* **TASK REQUIREMENTS**: Only the lines from the one containing "(part 6 of 6)" through the one containing "q_BR_HF; q_BR_HS; q_BR_K" should be printed, exactly as they appear below, with both ends included.

* **Saved entries**:

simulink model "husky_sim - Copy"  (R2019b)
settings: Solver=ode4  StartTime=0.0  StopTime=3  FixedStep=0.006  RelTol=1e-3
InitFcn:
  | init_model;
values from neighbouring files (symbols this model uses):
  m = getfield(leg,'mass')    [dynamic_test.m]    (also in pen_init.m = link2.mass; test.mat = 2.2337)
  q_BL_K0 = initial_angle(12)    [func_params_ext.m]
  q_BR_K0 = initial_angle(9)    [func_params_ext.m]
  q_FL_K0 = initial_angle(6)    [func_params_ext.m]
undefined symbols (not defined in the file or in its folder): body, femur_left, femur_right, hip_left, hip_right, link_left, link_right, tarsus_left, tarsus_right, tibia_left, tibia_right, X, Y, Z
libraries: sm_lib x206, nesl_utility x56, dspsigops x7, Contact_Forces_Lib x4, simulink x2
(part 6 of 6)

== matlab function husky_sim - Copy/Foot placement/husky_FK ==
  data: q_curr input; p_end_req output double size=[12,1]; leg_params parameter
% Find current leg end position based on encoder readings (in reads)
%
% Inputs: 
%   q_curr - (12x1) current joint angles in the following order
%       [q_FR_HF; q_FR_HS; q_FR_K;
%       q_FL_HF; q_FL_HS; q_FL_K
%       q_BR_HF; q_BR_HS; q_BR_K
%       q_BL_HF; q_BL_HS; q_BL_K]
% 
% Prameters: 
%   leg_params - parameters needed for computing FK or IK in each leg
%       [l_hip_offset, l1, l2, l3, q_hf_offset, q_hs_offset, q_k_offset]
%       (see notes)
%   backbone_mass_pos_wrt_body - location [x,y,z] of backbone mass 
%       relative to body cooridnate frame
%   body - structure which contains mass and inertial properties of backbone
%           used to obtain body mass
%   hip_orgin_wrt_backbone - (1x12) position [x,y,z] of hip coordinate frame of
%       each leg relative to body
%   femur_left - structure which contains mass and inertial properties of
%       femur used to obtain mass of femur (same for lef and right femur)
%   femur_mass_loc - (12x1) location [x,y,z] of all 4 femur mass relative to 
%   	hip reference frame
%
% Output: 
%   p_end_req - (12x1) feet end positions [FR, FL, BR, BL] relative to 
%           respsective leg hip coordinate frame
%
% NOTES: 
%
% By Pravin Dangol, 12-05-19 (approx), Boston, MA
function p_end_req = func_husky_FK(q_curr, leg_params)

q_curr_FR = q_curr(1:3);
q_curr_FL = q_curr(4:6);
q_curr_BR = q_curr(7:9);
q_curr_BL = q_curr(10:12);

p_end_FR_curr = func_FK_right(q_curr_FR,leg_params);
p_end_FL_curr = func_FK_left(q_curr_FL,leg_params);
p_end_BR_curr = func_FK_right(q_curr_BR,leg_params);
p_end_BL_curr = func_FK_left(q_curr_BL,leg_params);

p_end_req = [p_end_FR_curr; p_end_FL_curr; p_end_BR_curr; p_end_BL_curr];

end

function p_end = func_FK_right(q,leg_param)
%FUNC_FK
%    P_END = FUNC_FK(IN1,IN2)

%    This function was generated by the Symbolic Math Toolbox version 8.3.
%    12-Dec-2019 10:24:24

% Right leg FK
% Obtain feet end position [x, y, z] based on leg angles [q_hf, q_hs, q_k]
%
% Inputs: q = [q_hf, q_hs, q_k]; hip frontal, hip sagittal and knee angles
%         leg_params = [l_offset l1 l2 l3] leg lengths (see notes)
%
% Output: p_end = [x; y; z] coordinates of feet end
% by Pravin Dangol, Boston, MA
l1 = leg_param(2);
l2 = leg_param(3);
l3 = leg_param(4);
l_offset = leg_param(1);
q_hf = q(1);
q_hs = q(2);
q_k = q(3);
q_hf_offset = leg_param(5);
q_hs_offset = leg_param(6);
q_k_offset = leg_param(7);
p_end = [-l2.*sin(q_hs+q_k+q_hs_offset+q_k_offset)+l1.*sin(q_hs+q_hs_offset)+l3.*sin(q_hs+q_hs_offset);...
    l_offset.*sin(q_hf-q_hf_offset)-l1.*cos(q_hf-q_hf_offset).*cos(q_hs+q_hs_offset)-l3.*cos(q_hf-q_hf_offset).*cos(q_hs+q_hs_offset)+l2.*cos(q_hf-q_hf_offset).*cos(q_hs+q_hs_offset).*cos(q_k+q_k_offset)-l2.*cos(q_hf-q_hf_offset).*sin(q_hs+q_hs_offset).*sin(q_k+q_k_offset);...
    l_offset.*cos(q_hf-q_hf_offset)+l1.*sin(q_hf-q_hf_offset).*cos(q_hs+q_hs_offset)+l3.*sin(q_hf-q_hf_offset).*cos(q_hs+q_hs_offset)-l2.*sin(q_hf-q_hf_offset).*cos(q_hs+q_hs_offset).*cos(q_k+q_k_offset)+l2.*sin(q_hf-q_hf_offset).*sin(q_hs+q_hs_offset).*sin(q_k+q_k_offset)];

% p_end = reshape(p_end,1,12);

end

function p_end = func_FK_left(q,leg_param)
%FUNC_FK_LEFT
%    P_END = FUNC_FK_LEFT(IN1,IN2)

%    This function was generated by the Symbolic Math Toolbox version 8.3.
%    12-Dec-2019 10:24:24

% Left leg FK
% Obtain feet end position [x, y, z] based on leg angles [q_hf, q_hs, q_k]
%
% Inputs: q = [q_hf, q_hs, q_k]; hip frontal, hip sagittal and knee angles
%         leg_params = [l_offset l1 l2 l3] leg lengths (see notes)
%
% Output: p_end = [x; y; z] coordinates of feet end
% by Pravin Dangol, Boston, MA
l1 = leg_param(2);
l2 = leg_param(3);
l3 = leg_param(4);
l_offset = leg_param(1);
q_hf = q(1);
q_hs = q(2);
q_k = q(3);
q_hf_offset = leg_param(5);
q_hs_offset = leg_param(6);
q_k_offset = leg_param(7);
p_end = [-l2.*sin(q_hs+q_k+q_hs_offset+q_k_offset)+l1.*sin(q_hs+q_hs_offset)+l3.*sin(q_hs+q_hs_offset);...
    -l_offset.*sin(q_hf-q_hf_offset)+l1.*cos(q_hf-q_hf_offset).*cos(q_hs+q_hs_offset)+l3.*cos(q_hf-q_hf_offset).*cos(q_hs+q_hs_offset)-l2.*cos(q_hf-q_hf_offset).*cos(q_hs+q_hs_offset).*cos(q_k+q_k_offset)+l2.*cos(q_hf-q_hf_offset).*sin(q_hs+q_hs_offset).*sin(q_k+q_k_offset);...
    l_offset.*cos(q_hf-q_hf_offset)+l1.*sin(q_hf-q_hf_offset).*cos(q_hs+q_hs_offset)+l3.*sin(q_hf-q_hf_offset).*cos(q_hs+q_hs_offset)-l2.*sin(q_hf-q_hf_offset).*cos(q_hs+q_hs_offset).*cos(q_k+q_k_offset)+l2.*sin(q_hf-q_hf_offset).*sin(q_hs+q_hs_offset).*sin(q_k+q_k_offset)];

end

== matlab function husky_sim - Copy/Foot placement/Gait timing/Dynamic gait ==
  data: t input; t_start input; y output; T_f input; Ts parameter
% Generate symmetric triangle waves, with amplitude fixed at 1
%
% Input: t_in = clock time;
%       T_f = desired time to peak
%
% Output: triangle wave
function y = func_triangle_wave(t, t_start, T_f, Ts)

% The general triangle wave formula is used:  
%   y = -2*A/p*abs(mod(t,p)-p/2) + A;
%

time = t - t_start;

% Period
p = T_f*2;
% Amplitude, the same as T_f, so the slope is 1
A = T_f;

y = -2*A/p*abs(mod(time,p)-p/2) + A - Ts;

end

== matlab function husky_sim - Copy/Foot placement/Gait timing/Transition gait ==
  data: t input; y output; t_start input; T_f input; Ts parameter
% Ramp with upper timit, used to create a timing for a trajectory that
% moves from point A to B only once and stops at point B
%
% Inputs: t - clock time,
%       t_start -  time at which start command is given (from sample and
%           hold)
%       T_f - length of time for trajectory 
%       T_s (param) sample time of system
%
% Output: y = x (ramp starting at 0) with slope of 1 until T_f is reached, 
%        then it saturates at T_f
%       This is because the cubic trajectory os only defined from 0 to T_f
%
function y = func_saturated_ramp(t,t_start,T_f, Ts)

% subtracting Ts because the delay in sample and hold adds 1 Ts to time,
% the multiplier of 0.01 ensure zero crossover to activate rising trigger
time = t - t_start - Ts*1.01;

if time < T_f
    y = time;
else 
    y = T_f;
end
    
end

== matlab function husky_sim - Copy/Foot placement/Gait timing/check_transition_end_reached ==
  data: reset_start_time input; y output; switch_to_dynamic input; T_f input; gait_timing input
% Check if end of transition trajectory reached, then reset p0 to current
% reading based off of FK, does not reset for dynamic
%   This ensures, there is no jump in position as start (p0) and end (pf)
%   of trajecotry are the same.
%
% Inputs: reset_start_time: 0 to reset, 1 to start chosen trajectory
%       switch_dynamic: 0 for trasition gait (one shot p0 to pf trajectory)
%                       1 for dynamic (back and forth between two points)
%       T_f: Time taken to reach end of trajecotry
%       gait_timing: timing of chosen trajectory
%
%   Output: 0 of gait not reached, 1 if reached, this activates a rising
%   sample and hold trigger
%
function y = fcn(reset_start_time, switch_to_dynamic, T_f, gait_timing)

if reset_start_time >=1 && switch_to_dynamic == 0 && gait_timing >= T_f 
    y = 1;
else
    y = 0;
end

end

* **RESULT BELOW**:
(part 6 of 6)

== matlab function husky_sim - Copy/Foot placement/husky_FK ==
  data: q_curr input; p_end_req output double size=[12,1]; leg_params parameter
% Find current leg end position based on encoder readings (in reads)
%
% Inputs: 
%   q_curr - (12x1) current joint angles in the following order
%       [q_FR_HF; q_FR_HS; q_FR_K;
%       q_FL_HF; q_FL_HS; q_FL_K
%       q_BR_HF; q_BR_HS; q_BR_K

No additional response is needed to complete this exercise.